Masih kupandangi diriku di cermin, sejenak ku mencoba untuk palingkan mukaku darimu, namun tanganmu terus menekan kepalaku untuk melihat wajahku tadi. Aku mulai muak dengan tingkahmu yang semakin tidak bisa menghargaiku, kemudian kubanting kedua cermin yang kupegang ke lantai keras-keras dan pecah berserakan berkeping-keping, kamu malah tersenyum puas dan tertawa sekeras-kerasnya melihat tingkahku. Kepalaku semakin pening, lalu kupegangi kepalaku dengan tanganku yang penuh pecahan cermin.
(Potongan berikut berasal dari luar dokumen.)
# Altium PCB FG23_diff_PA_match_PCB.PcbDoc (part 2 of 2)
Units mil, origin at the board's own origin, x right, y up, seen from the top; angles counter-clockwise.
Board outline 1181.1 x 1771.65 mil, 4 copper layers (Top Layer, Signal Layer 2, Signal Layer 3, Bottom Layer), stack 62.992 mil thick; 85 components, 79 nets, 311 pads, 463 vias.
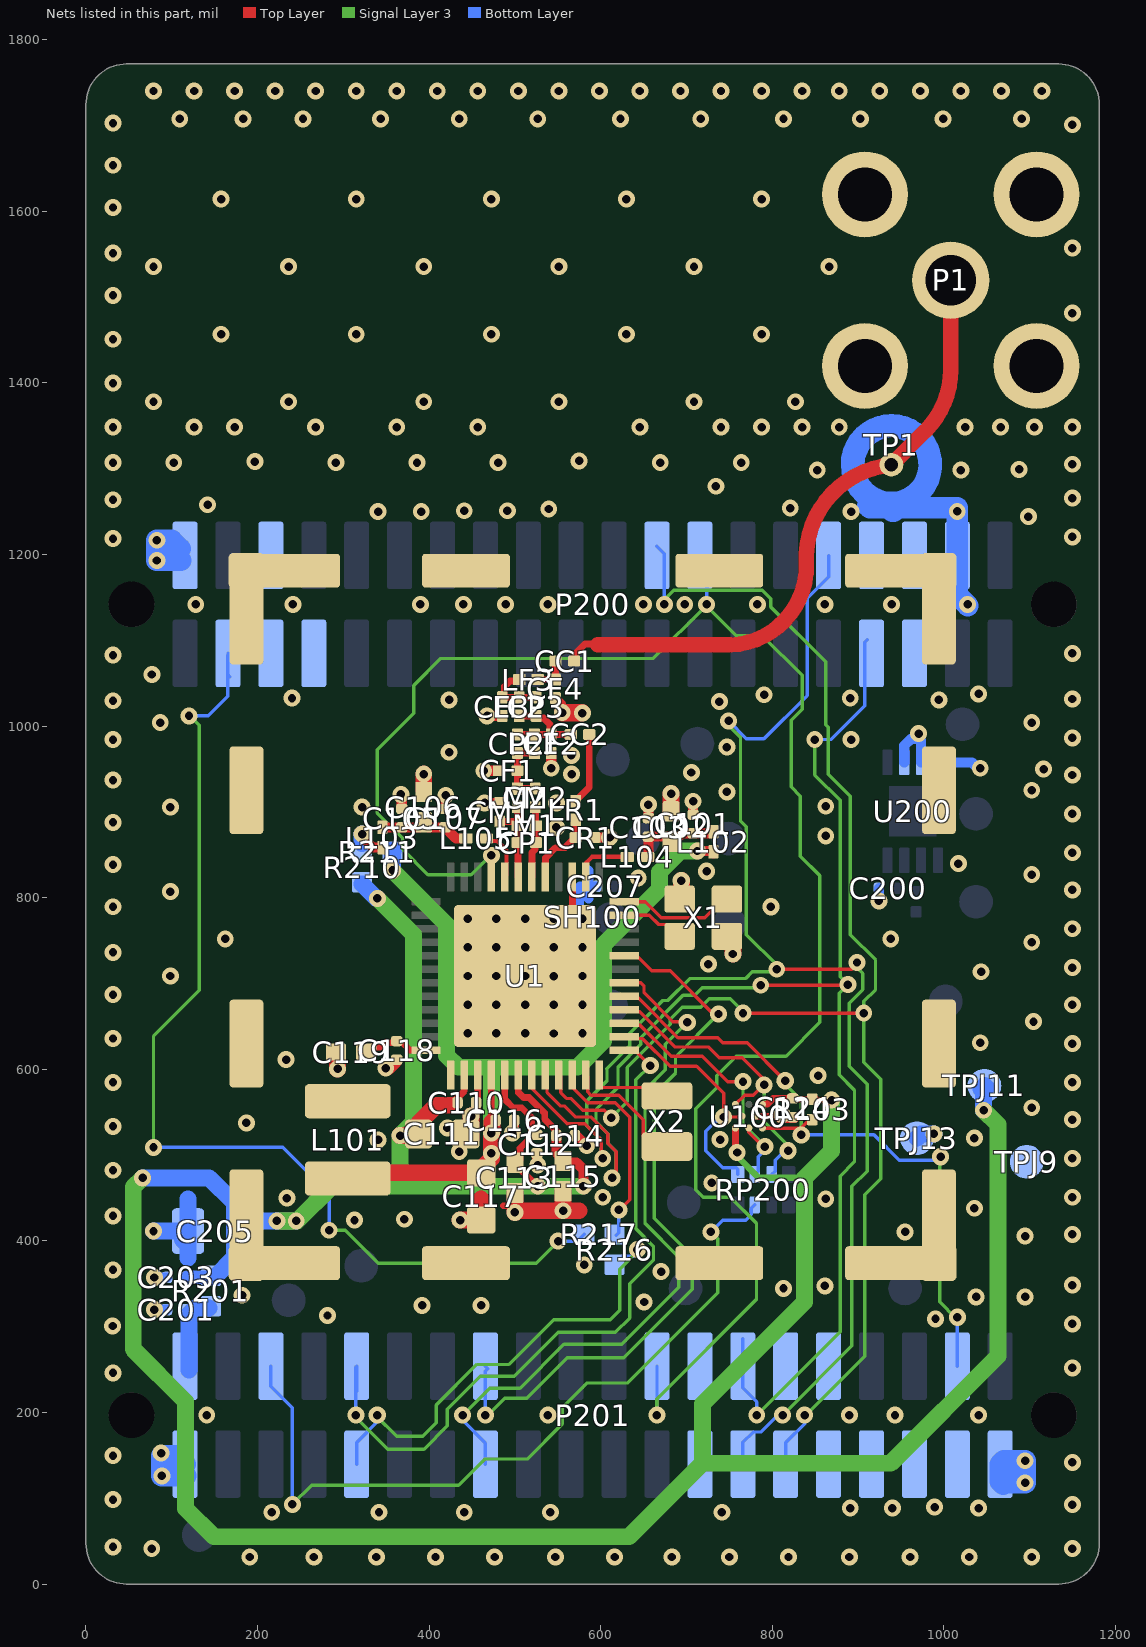
[diagram p4: the nets of this part, all layers, seen from the top]

## Via types
v1: diameter 19.68, hole 9.84, Top Layer to Bottom Layer, tented both sides, 383 vias
v2: diameter 20, hole 9.84, Top Layer to Bottom Layer, tented both sides, 80 vias

## Nets (pads, with @x,y where several pads share a name; then routed paths per layer and width w, separated by ;. In a path a pad name is that pad's centre, name@x,y a point inside that pad or via, vN(x,y) a via of type N, cw(c..) or ccw(c..) an arc to the next point about the centre after c; other vN are vias at no path point) (continued)
EFR32_PB03: P200.26 P201.24 U1.21 | length 2082.4
  Top Layer w7.87: U1.21@472.44,824.21 v1(472.44,849.21) 472.44,851.38 v1@473.43,851.38
  Signal Layer 3 w3.94: v1@473.43,855.31 473.43,851.38 448.82,826.77 398.62,826.77 369.09,856.3 369.09,869.09 339.57,898.62 339.57,972.44 381.89,1014.76 381.89,1047.24 413.39,1078.74 661.42,1078.74 722.93,1140.26 757.87,1105.31 788.39,1105.31 834.65,1059.06 834.65,1019.69 821.85,1006.89 821.85,929.13 832.68,918.31 832.68,848.43 855.31,825.79 855.31,654.53 815.94,615.16 757.87,615.16 735.07,592.36 735.07,578.58 710.63,554.13 710.63,459.65 719.49,450.79 750.98,450.79 781.5,420.28 781.5,331.69 665.35,215.55 v2(665.35,196.85)
  Bottom Layer w3.94: v2(665.35,196.85) 665.55,197.05 P201.24@665.55,253.94 ; P200.26@714.57,1186.02 725.39,1175.2 723.43,1173.23 v2(723.43,1141.73)
EFR32_PC00: P201.10 U1.1 | length 864.5
  Top Layer w3.94: U1.1@627.36,622.05 639.76,622.05 v2(657.61,604.2)
  Signal Layer 3 w3.94: v2@314.6,204.25 v2(314.6,196.85) 314.6,194.26 351.57,157.28 394.01,157.28 421.26,184.53 421.26,203.74 459.65,242.13 499.02,242.13 550.2,293.31 617.13,293.31 633.86,310.04 633.86,350.01 661.42,377.57 661.42,393.7 640.75,414.37 640.75,587.6 v2@657.48,604.33
  Bottom Layer w3.94: v2(314.6,196.85) 314.6,252.98 P201.10@315.55,253.94 P201.10@315.55,224.8
EFR32_PC01: RP200.1 U1.2 U100.D2 | length 295.2
  Top Layer w3.94: U1.2@627.36,637.8 629.33,635.83 648.62,635.83 681.1,603.35 711.61,603.35 743.15,571.81 v2(743.15,544.32) U100.D2@763.75,544.32 ; U100.D2@763.78,544.29 U100.D2@764.76,545.28
  Bottom Layer w3.94: v2(743.15,544.32) 739.2,544.32 722.44,527.56 722.44,504.92 742.13,485.24 757.87,485.24 759.84,483.27 RP200.1@759.84,477.36
EFR32_PC02: RP200.2 U1.3 U100.C3 | length 325.3
  Top Layer w3.94: U1.3@627.36,653.54 629.33,651.57 645.67,651.57 682.09,615.16 718.5,615.16 748.03,585.63 v1(765.75,585.63) ; U100.C3@772.64,531.5 772.64,526.57 v2@791.35,507.87
  Signal Layer 3 w3.94: v1(765.75,585.63) 765.75,536.42 791.34,510.83 v2(791.34,509.84)
  Bottom Layer w3.94: RP200.2@779.53,477.36 783.46,481.3 783.46,498.03 794.33,508.9 793.38,509.84 v2(791.34,509.84)
EFR32_PC03: RP200.3 U1.4 U100.E1 | length 371.8
  Top Layer w3.94: U1.4@627.36,669.29 639.76,669.29 641.73,667.32 644.68,667.32 686.02,625.98 725.39,625.98 738.19,613.19 764.76,613.19 790.39,587.56 v2(790.39,581.72) ; U100.E1@756.89,559.06 767.72,569.88 777.56,569.88 v2@788.88,581.2
  Signal Layer 3 w3.94: v2(790.39,581.72) 790.39,538.94 818.27,511.07 v2(818.27,505.05)
  Bottom Layer w3.94: RP200.3@799.21,477.36 803.15,481.3 803.15,494.09 816.19,507.13 v2(818.27,505.05)
EFR32_PC04: P201.38 R103.1 U1.5 U100.A3 | length 811.9
  Top Layer w3.94: U1.5@627.36,685.04 629.33,683.07 643.7,683.07 689.96,636.81 736.22,636.81 742.13,630.91 770.67,630.91 813.52,588.06 812.1,586.64 v2(815,586.64) ; U100.A3@788.39,531.5 788.39,531.3 833.07,531.3 843.11,541.34 R103.1@846.46,541.34
  Signal Layer 3 w3.94: v2(815,586.64) v2@810.85,586.64 ; v2(833.71,523.46) 833.71,563.79 v2@812.01,585.49 ; v2(996.06,498.03) 995.08,497.05 995.08,328.74 1013.78,310.04 1014.76,311.02 v2(1015.75,311.02) ; v2@810.85,586.64 808.02,586.64 806.87,585.49 v2@812.01,585.49 ; v2@810.85,586.64 v2@812.01,585.49
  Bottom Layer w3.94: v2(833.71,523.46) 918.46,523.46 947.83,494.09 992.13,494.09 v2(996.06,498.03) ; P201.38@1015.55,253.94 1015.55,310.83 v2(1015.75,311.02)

Aku terkejut dan berteriak ”Pergi…!!!, Pergi…!!! dari hadapanku semua”.

Aku semakin terpana saat kumelihat cermin yang berserakan di lantai memunculkan wajah-wajahku yang penuh kebohongan, kebahagiaan, keputusasaan, gairah, keangkuhan, dan keanggunan bergantian seolah-olah mempermainkanku.

Kepalaku semakin sakit saat kulihat tanganku yang penuh butiran cermin yang pecah bagai debu itu terus menampakkan wajah-wajah palsuku, dan membuatku semakin benci, muak seakan ingin kumuntahkan semua hal yang berisikan kenangan denganmu. Matamu berbinar-binar saat melihat kelakuanku yang tak karuan dan brutal-binal ini. Ingin rasanya kulepas seluruh pakaian dan kemudian kumutilasi seluruh kulitku yang pernah kau sentuh.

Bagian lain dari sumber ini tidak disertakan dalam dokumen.